[[ SOURCE INFORMATION, beginning ]]

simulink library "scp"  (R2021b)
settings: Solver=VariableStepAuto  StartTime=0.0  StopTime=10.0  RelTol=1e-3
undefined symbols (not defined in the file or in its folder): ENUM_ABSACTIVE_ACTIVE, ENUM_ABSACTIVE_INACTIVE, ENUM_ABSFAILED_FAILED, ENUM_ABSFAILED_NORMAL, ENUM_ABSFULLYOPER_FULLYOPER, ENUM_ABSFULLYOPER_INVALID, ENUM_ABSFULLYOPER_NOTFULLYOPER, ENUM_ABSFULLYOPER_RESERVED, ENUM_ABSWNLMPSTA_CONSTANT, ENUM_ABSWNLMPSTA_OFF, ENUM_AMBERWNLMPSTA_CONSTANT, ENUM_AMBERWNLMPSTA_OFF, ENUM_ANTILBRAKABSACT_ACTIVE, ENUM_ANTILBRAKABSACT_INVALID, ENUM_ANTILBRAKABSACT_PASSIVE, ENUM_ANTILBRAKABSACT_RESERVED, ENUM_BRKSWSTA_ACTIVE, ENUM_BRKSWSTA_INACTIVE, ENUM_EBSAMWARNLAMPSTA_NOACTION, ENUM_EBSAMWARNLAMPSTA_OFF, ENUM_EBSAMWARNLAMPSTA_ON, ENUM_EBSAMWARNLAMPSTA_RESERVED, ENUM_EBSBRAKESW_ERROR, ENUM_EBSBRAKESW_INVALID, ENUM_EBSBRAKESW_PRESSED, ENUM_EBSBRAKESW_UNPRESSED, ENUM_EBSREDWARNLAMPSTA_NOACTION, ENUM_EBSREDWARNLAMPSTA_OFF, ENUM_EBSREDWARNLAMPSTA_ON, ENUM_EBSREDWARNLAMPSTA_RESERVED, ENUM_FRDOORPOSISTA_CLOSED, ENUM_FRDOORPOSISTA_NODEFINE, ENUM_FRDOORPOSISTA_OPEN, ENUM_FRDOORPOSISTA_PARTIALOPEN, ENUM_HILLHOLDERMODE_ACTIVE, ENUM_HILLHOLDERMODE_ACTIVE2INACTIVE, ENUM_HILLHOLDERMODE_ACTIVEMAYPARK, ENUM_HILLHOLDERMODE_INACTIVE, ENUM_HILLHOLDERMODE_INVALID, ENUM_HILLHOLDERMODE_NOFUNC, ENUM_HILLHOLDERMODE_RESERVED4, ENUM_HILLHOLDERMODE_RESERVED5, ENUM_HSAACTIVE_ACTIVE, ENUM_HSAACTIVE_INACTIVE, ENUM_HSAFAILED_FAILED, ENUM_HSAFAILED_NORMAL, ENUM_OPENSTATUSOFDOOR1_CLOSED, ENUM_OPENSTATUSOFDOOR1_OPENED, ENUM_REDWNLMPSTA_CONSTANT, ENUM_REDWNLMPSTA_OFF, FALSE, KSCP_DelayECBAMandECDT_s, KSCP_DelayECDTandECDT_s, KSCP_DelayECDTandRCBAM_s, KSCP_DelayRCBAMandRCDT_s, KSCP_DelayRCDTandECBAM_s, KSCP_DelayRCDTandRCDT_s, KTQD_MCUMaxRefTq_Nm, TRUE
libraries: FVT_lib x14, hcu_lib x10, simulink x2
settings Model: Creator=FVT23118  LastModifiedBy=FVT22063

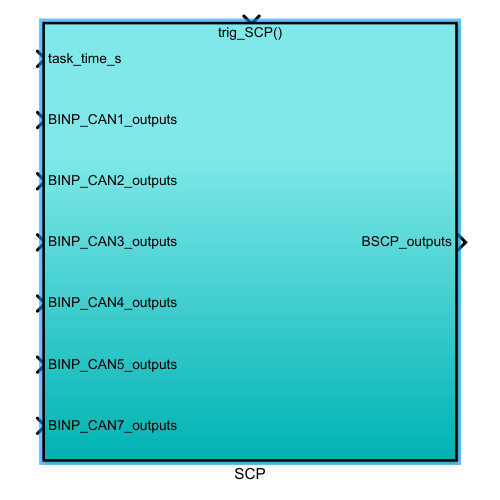
[thumbnail: Simulink's stored preview of the top-level diagram]
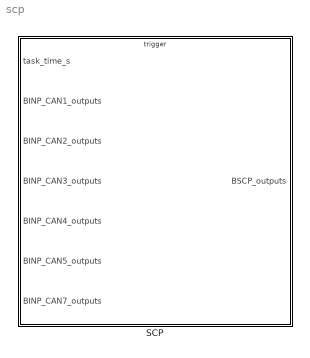
== system scp ==
  SCP : Subsystem
      settings: RTWSystemCode=Nonreusable function  RTWFcnNameOpts=Use subsystem name  RTWFileNameOpts=Use subsystem name

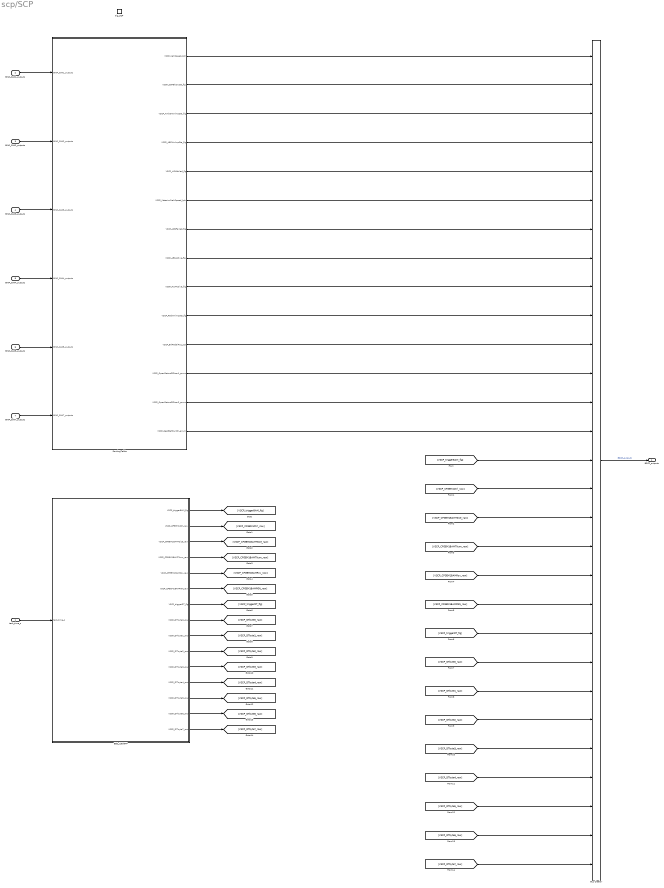
== system scp/SCP ==
  task_time_s : Inport
  BINP_CAN1_outputs : Inport  Port=2  OutDataTypeStr=Bus: BINP_CAN1_outputs
  BINP_CAN2_outputs : Inport  Port=3  OutDataTypeStr=Bus: BINP_CAN2_outputs
  BINP_CAN3_outputs : Inport  Port=4  OutDataTypeStr=Bus: BINP_CAN3_outputs
  BINP_CAN4_outputs : Inport  Port=5  OutDataTypeStr=Bus: BINP_CAN4_outputs
  BINP_CAN5_outputs : Inport  Port=6  OutDataTypeStr=Bus: BINP_CAN5_outputs
  BINP_CAN7_outputs : Inport  Port=7  OutDataTypeStr=Bus: BINP_CAN7_outputs
  trig_SCP : TriggerPort  TriggerType=function-call  VariantControl=(inherit)  PortDimensions=1
  Bus Creator : BusCreator  Inputs=29  OutDataTypeStr=Bus: BSCP_outputs  NonVirtualBus=on
  EBS_J1939TP : Subsystem
  RoutingTable : Subsystem
  BSCP_outputs : Outport  OutDataTypeStr=Bus: BSCP_outputs
  wires:
  BINP_CAN1_outputs/1 -> RoutingTable/1(BINP_CAN1_outputs)
  BINP_CAN4_outputs/1 -> RoutingTable/4(BINP_CAN4_outputs)
  BINP_CAN3_outputs/1 -> RoutingTable/3(BINP_CAN3_outputs)
  BINP_CAN2_outputs/1 -> RoutingTable/2(BINP_CAN2_outputs)
  BINP_CAN5_outputs/1 -> RoutingTable/5(BINP_CAN5_outputs)
  BINP_CAN7_outputs/1 -> RoutingTable/6(BINP_CAN7_outputs)
  RoutingTable/5(VSCP_HSAFailed_flg) -> Bus Creator/5
  RoutingTable/6(VSCP_MeterIndVehSpeed_kph) -> Bus Creator/6
  RoutingTable/4(VSCP_ABSWnlmpSta_flg) -> Bus Creator/4
  RoutingTable/7(VSCP_ABSFailed_flg) -> Bus Creator/7
  RoutingTable/3(VSCP_AmberWnlmpSta_flg) -> Bus Creator/3
  RoutingTable/8(VSCP_ABSActive_flg) -> Bus Creator/8
  RoutingTable/2(VSCP_SCPBrkSwSta_flg) -> Bus Creator/2
  RoutingTable/9(VSCP_HSAActive_flg) -> Bus Creator/9
  RoutingTable/1(VSCP_VehSpeed_kph) -> Bus Creator/1
  RoutingTable/10(VSCP_RedWnlmpSta_flg) -> Bus Creator/10
  RoutingTable/11(VSCP_BrkPedalPos_pct) -> Bus Creator/11
  RoutingTable/12(VSCP_OpenStatusOfDoor1_enum) -> Bus Creator/12
  RoutingTable/13(VSCP_OpenStatusOfDoor2_enum) -> Bus Creator/13
  RoutingTable/14(VSCP_SeatBeltSwitch_enum) -> Bus Creator/14
  Bus Creator/1 -> BSCP_outputs/1  "BSCP_outputs"
  EBS_J1939TP/1(VSCP_triggerBAM_flg) -> [VSCP_triggerBAM_flg]
  EBS_J1939TP/2(VSCP_CFGEM1Ctrl_raw) -> [VSCP_CFGEM1Ctrl_raw]
  EBS_J1939TP/3(VSCP_CFGEM1BAMTSize_raw) -> [VSCP_CFGEM1BAMTSize_raw]
  EBS_J1939TP/4(VSCP_CFGEM1BAMTNum_raw) -> [VSCP_CFGEM1BAMTNum_raw]
  EBS_J1939TP/5(VSCP_CFGEM1BAMRsv_raw) -> [VSCP_CFGEM1BAMRsv_raw]
  EBS_J1939TP/6(VSCP_CFGEM1BAMPGN_raw) -> [VSCP_CFGEM1BAMPGN_raw]
  EBS_J1939TP/7(VSCP_triggerDT_flg) -> [VSCP_triggerDT_flg]
  EBS_J1939TP/8(VSCP_DTbyte0_raw) -> [VSCP_DTbyte0_raw]
  EBS_J1939TP/9(VSCP_DTbyte1_raw) -> [VSCP_DTbyte1_raw]
  EBS_J1939TP/10(VSCP_DTbyte2_raw) -> [VSCP_DTbyte2_raw]
  EBS_J1939TP/11(VSCP_DTbyte3_raw) -> [VSCP_DTbyte3_raw]
  EBS_J1939TP/12(VSCP_DTbyte4_raw) -> [VSCP_DTbyte4_raw]
  EBS_J1939TP/13(VSCP_DTbyte5_raw) -> [VSCP_DTbyte5_raw]
  EBS_J1939TP/14(VSCP_DTbyte6_raw) -> [VSCP_DTbyte6_raw]
  EBS_J1939TP/15(VSCP_DTbyte7_raw) -> [VSCP_DTbyte7_raw]
  [VSCP_DTbyte7_raw] -> Bus Creator/29
  [VSCP_DTbyte6_raw] -> Bus Creator/28
  [VSCP_DTbyte5_raw] -> Bus Creator/27
  [VSCP_DTbyte4_raw] -> Bus Creator/26
  [VSCP_DTbyte3_raw] -> Bus Creator/25
  [VSCP_DTbyte2_raw] -> Bus Creator/24
  [VSCP_DTbyte1_raw] -> Bus Creator/23
  [VSCP_DTbyte0_raw] -> Bus Creator/22
  [VSCP_triggerDT_flg] -> Bus Creator/21
  [VSCP_CFGEM1BAMPGN_raw] -> Bus Creator/20
  [VSCP_CFGEM1BAMRsv_raw] -> Bus Creator/19
  [VSCP_CFGEM1BAMTNum_raw] -> Bus Creator/18
  [VSCP_CFGEM1BAMTSize_raw] -> Bus Creator/17
  [VSCP_CFGEM1Ctrl_raw] -> Bus Creator/16
  [VSCP_triggerBAM_flg] -> Bus Creator/15
  task_time_s/1 -> EBS_J1939TP/1(task_time_s)

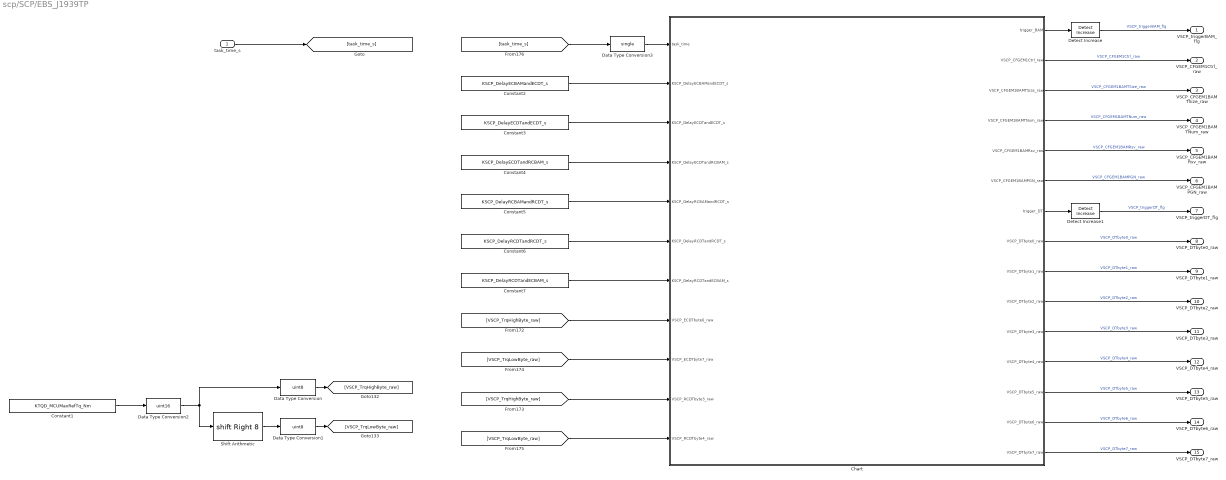
== system scp/SCP/EBS_J1939TP ==
  task_time_s : Inport
  Chart : Stateflow chart  TreatAsAtomicUnit=on
  Constant1 : Constant  Value=KTQD_MCUMaxRefTq_Nm
  Constant2 : Constant  Value=KSCP_DelayECBAMandECDT_s
  Constant3 : Constant  Value=KSCP_DelayECDTandECDT_s
  Constant4 : Constant  Value=KSCP_DelayECDTandRCBAM_s
  Constant5 : Constant  Value=KSCP_DelayRCBAMandRCDT_s
  Constant6 : Constant  Value=KSCP_DelayRCDTandRCDT_s
  Constant7 : Constant  Value=KSCP_DelayRCDTandECBAM_s
  Data Type Conversion : DataTypeConversion  OutDataTypeStr=uint8
  Data Type Conversion1 : DataTypeConversion  OutDataTypeStr=uint8
  Data Type Conversion2 : DataTypeConversion  OutDataTypeStr=uint16
  Data Type Conversion3 : DataTypeConversion  OutDataTypeStr=single
  Detect Increase : simulink/Logic and Bit Operations/Detect Increase  vinit=0.0  OutDataTypeStr=boolean
  Detect Increase1 : simulink/Logic and Bit Operations/Detect Increase  vinit=0.0  OutDataTypeStr=boolean
  Shift Arithmetic : ArithShift  BitShiftNumber=8  BitShiftDirection=Right
  VSCP_triggerBAM_flg : Outport
  VSCP_CFGEM1Ctrl_raw : Outport  Port=2
  VSCP_CFGEM1BAMTSize_raw : Outport  Port=3
  VSCP_CFGEM1BAMTNum_raw : Outport  Port=4
  VSCP_CFGEM1BAMRsv_raw : Outport  Port=5
  VSCP_CFGEM1BAMPGN_raw : Outport  Port=6
  VSCP_triggerDT_flg : Outport  Port=7
  VSCP_DTbyte0_raw : Outport  Port=8
  VSCP_DTbyte1_raw : Outport  Port=9
  VSCP_DTbyte2_raw : Outport  Port=10
  VSCP_DTbyte3_raw : Outport  Port=11
  VSCP_DTbyte4_raw : Outport  Port=12
  VSCP_DTbyte5_raw : Outport  Port=13
  VSCP_DTbyte6_raw : Outport  Port=14
  VSCP_DTbyte7_raw : Outport  Port=15
  wires:
  Constant2/1 -> Chart/2(KSCP_DelayECBAMandECDT_s)
  [task_time_s] -> Data Type Conversion3/1
  Data Type Conversion1/1 -> [VSCP_TrqLowByte_raw]
  [VSCP_TrqHighByte_raw] -> Chart/10(VSCP_RCDTbyte3_raw)
  [VSCP_TrqHighByte_raw] -> Chart/8(VSCP_ECDTbyte6_raw)
  Constant4/1 -> Chart/4(KSCP_DelayECDTandRCBAM_s)
  [VSCP_TrqLowByte_raw] -> Chart/11(VSCP_RCDTbyte4_raw)
  Constant1/1 -> Data Type Conversion2/1
  Constant5/1 -> Chart/5(KSCP_DelayRCBAMandRCDT_s)
  Data Type Conversion2/1 -> Data Type Conversion/1, Shift Arithmetic/1
  Shift Arithmetic/1 -> Data Type Conversion1/1
  Constant3/1 -> Chart/3(KSCP_DelayECDTandECDT_s)
  Constant6/1 -> Chart/6(KSCP_DelayRCDTandRCDT_s)
  Data Type Conversion/1 -> [VSCP_TrqHighByte_raw]
  [VSCP_TrqLowByte_raw] -> Chart/9(VSCP_ECDTbyte7_raw)
  Constant7/1 -> Chart/7(KSCP_DelayRCDTandECBAM_s)
  Chart/1(trigger_BAM) -> Detect Increase/1
  Chart/7(trigger_DT) -> Detect Increase1/1
  Detect Increase/1 -> VSCP_triggerBAM_flg/1  "VSCP_triggerBAM_flg"
  Chart/2(VSCP_CFGEM1Ctrl_raw) -> VSCP_CFGEM1Ctrl_raw/1  "VSCP_CFGEM1Ctrl_raw"
  Chart/3(VSCP_CFGEM1BAMTSize_raw) -> VSCP_CFGEM1BAMTSize_raw/1  "VSCP_CFGEM1BAMTSize_raw"
  Chart/4(VSCP_CFGEM1BAMTNum_raw) -> VSCP_CFGEM1BAMTNum_raw/1  "VSCP_CFGEM1BAMTNum_raw"
  Chart/5(VSCP_CFGEM1BAMRsv_raw) -> VSCP_CFGEM1BAMRsv_raw/1  "VSCP_CFGEM1BAMRsv_raw"
  Chart/6(VSCP_CFGEM1BAMPGN_raw) -> VSCP_CFGEM1BAMPGN_raw/1  "VSCP_CFGEM1BAMPGN_raw"
  Detect Increase1/1 -> VSCP_triggerDT_flg/1  "VSCP_triggerDT_flg"
  Chart/8(VSCP_DTbyte0_raw) -> VSCP_DTbyte0_raw/1  "VSCP_DTbyte0_raw"
  Chart/9(VSCP_DTbyte1_raw) -> VSCP_DTbyte1_raw/1  "VSCP_DTbyte1_raw"
  Chart/10(VSCP_DTbyte2_raw) -> VSCP_DTbyte2_raw/1  "VSCP_DTbyte2_raw"
  Chart/11(VSCP_DTbyte3_raw) -> VSCP_DTbyte3_raw/1  "VSCP_DTbyte3_raw"
  Chart/12(VSCP_DTbyte4_raw) -> VSCP_DTbyte4_raw/1  "VSCP_DTbyte4_raw"
  Chart/13(VSCP_DTbyte5_raw) -> VSCP_DTbyte5_raw/1  "VSCP_DTbyte5_raw"
  Chart/14(VSCP_DTbyte6_raw) -> VSCP_DTbyte6_raw/1  "VSCP_DTbyte6_raw"
  Chart/15(VSCP_DTbyte7_raw) -> VSCP_DTbyte7_raw/1  "VSCP_DTbyte7_raw"
  task_time_s/1 -> [task_time_s]
  Data Type Conversion3/1 -> Chart/1(task_time)

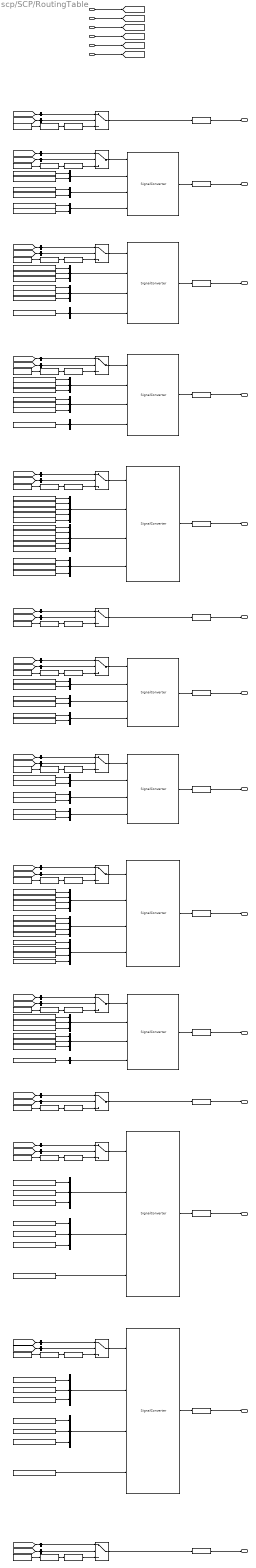
== system scp/SCP/RoutingTable ==
  BINP_CAN1_outputs : Inport
  BINP_CAN2_outputs : Inport  Port=2
  BINP_CAN3_outputs : Inport  Port=3
  BINP_CAN4_outputs : Inport  Port=4
  BINP_CAN5_outputs : Inport  Port=5
  BINP_CAN7_outputs : Inport  Port=6
  Constant : Constant  Value=ENUM_EBSBRAKESW_UNPRESSED
  Constant1 : Constant  Value=ENUM_EBSBRAKESW_PRESSED
  Constant10 : Constant  Value=ENUM_ABSFULLYOPER_RESERVED
  Constant11 : Constant  Value=ENUM_ABSWNLMPSTA_OFF
  Constant12 : Constant  Value=ENUM_ABSFULLYOPER_INVALID
  Constant13 : Constant  Value=ENUM_ABSWNLMPSTA_OFF
  Constant14 : Constant  Value=ENUM_AMBERWNLMPSTA_OFF
  Constant15 : Constant  Value=ENUM_EBSAMWARNLAMPSTA_NOACTION
  Constant16 : Constant  Value=ENUM_AMBERWNLMPSTA_CONSTANT
  Constant17 : Constant  Value=ENUM_EBSAMWARNLAMPSTA_OFF
  Constant18 : Constant  Value=ENUM_EBSAMWARNLAMPSTA_ON
  Constant19 : Constant  Value=ENUM_AMBERWNLMPSTA_OFF
  Constant2 : Constant  Value=ENUM_BRKSWSTA_INACTIVE
  Constant20 : Constant  Value=ENUM_HILLHOLDERMODE_RESERVED4
  Constant{21,23,26,29} (4 alike) : Constant  Value=ENUM_HSAFAILED_NORMAL
  Constant22 : Constant  Value=ENUM_HILLHOLDERMODE_ACTIVE2INACTIVE
  Constant24 : Constant  Value=ENUM_HILLHOLDERMODE_INACTIVE
  Constant25 : Constant  Value=ENUM_HILLHOLDERMODE_ACTIVE
  Constant27 : Constant  Value=ENUM_HILLHOLDERMODE_NOFUNC
  Constant28 : Constant  Value=ENUM_HILLHOLDERMODE_ACTIVEMAYPARK
  Constant3 : Constant  Value=ENUM_BRKSWSTA_ACTIVE
  Constant30 : Constant  Value=ENUM_HSAFAILED_FAILED
  Constant31 : Constant  Value=ENUM_HILLHOLDERMODE_RESERVED5
  Constant32 : Constant  Value=ENUM_HILLHOLDERMODE_INVALID
  Constant33 : Constant  Value=ENUM_ABSFULLYOPER_RESERVED
  Constant34 : Constant  Value=ENUM_ABSFULLYOPER_INVALID
  Constant35 : Constant  Value=ENUM_ANTILBRAKABSACT_RESERVED
  Constant36 : Constant  Value=ENUM_ABSFAILED_NORMAL
  Constant37 : Constant  Value=ENUM_ABSFULLYOPER_NOTFULLYOPER
  Constant38 : Constant  Value=ENUM_ABSFULLYOPER_FULLYOPER
  Constant39 : Constant  Value=ENUM_ABSFAILED_FAILED
  Constant4 : Constant  Value=ENUM_EBSBRAKESW_ERROR
  Constant40 : Constant  Value=ENUM_ANTILBRAKABSACT_INVALID
  Constant41 : Constant  Value=ENUM_ABSACTIVE_ACTIVE
  Constant42 : Constant  Value=ENUM_ANTILBRAKABSACT_PASSIVE
  Constant43 : Constant  Value=ENUM_ANTILBRAKABSACT_ACTIVE
  Constant44 : Constant  Value=ENUM_ABSACTIVE_INACTIVE
  Constant45 : Constant  Value=ENUM_HILLHOLDERMODE_RESERVED4
  Constant46 : Constant  Value=ENUM_HSAACTIVE_INACTIVE
  Constant47 : Constant  Value=ENUM_HILLHOLDERMODE_ACTIVE2INACTIVE
  Constant48 : Constant  Value=ENUM_HSAACTIVE_ACTIVE
  Constant49 : Constant  Value=ENUM_HILLHOLDERMODE_INACTIVE
  Constant5 : Constant  Value=ENUM_EBSBRAKESW_INVALID
  Constant50 : Constant  Value=ENUM_HILLHOLDERMODE_ACTIVE
  Constant51 : Constant  Value=ENUM_HSAACTIVE_ACTIVE
  Constant52 : Constant  Value=ENUM_HILLHOLDERMODE_NOFUNC
  Constant53 : Constant  Value=ENUM_HILLHOLDERMODE_ACTIVEMAYPARK
  Constant54 : Constant  Value=ENUM_HSAACTIVE_ACTIVE
  Constant55 : Constant  Value=ENUM_EBSREDWARNLAMPSTA_RESERVED
  Constant56 : Constant  Value=ENUM_HILLHOLDERMODE_RESERVED5
  Constant57 : Constant  Value=ENUM_HILLHOLDERMODE_INVALID
  Constant58 : Constant  Value=ENUM_EBSREDWARNLAMPSTA_NOACTION
  Constant59 : Constant  Value=ENUM_REDWNLMPSTA_CONSTANT
  Constant6 : Constant  Value=ENUM_ABSFULLYOPER_NOTFULLYOPER
  Constant60 : Constant  Value=ENUM_EBSREDWARNLAMPSTA_OFF
  Constant61 : Constant  Value=ENUM_EBSREDWARNLAMPSTA_ON
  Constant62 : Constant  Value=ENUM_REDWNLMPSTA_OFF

[[ SOURCE INFORMATION, end ]]

# TRY IT:
Copy out only the lines of the records above from the one with "VSCP_DTbyte5_raw : Outport" through the one with "Chart/13(VSCP_DTbyte5_raw) -> VSCP_DTbyte5_raw/1", exactly as they stand, both included.

# ANSWER TO THIS EXERCISE:
  VSCP_DTbyte5_raw : Outport  Port=13
  VSCP_DTbyte6_raw : Outport  Port=14
  VSCP_DTbyte7_raw : Outport  Port=15
  wires:
  Constant2/1 -> Chart/2(KSCP_DelayECBAMandECDT_s)
  [task_time_s] -> Data Type Conversion3/1
  Data Type Conversion1/1 -> [VSCP_TrqLowByte_raw]
  [VSCP_TrqHighByte_raw] -> Chart/10(VSCP_RCDTbyte3_raw)
  [VSCP_TrqHighByte_raw] -> Chart/8(VSCP_ECDTbyte6_raw)
  Constant4/1 -> Chart/4(KSCP_DelayECDTandRCBAM_s)
  [VSCP_TrqLowByte_raw] -> Chart/11(VSCP_RCDTbyte4_raw)
  Constant1/1 -> Data Type Conversion2/1
  Constant5/1 -> Chart/5(KSCP_DelayRCBAMandRCDT_s)
  Data Type Conversion2/1 -> Data Type Conversion/1, Shift Arithmetic/1
  Shift Arithmetic/1 -> Data Type Conversion1/1
  Constant3/1 -> Chart/3(KSCP_DelayECDTandECDT_s)
  Constant6/1 -> Chart/6(KSCP_DelayRCDTandRCDT_s)
  Data Type Conversion/1 -> [VSCP_TrqHighByte_raw]
  [VSCP_TrqLowByte_raw] -> Chart/9(VSCP_ECDTbyte7_raw)
  Constant7/1 -> Chart/7(KSCP_DelayRCDTandECBAM_s)
  Chart/1(trigger_BAM) -> Detect Increase/1
  Chart/7(trigger_DT) -> Detect Increase1/1
  Detect Increase/1 -> VSCP_triggerBAM_flg/1  "VSCP_triggerBAM_flg"
  Chart/2(VSCP_CFGEM1Ctrl_raw) -> VSCP_CFGEM1Ctrl_raw/1  "VSCP_CFGEM1Ctrl_raw"
  Chart/3(VSCP_CFGEM1BAMTSize_raw) -> VSCP_CFGEM1BAMTSize_raw/1  "VSCP_CFGEM1BAMTSize_raw"
  Chart/4(VSCP_CFGEM1BAMTNum_raw) -> VSCP_CFGEM1BAMTNum_raw/1  "VSCP_CFGEM1BAMTNum_raw"
  Chart/5(VSCP_CFGEM1BAMRsv_raw) -> VSCP_CFGEM1BAMRsv_raw/1  "VSCP_CFGEM1BAMRsv_raw"
  Chart/6(VSCP_CFGEM1BAMPGN_raw) -> VSCP_CFGEM1BAMPGN_raw/1  "VSCP_CFGEM1BAMPGN_raw"
  Detect Increase1/1 -> VSCP_triggerDT_flg/1  "VSCP_triggerDT_flg"
  Chart/8(VSCP_DTbyte0_raw) -> VSCP_DTbyte0_raw/1  "VSCP_DTbyte0_raw"
  Chart/9(VSCP_DTbyte1_raw) -> VSCP_DTbyte1_raw/1  "VSCP_DTbyte1_raw"
  Chart/10(VSCP_DTbyte2_raw) -> VSCP_DTbyte2_raw/1  "VSCP_DTbyte2_raw"
  Chart/11(VSCP_DTbyte3_raw) -> VSCP_DTbyte3_raw/1  "VSCP_DTbyte3_raw"
  Chart/12(VSCP_DTbyte4_raw) -> VSCP_DTbyte4_raw/1  "VSCP_DTbyte4_raw"
  Chart/13(VSCP_DTbyte5_raw) -> VSCP_DTbyte5_raw/1  "VSCP_DTbyte5_raw"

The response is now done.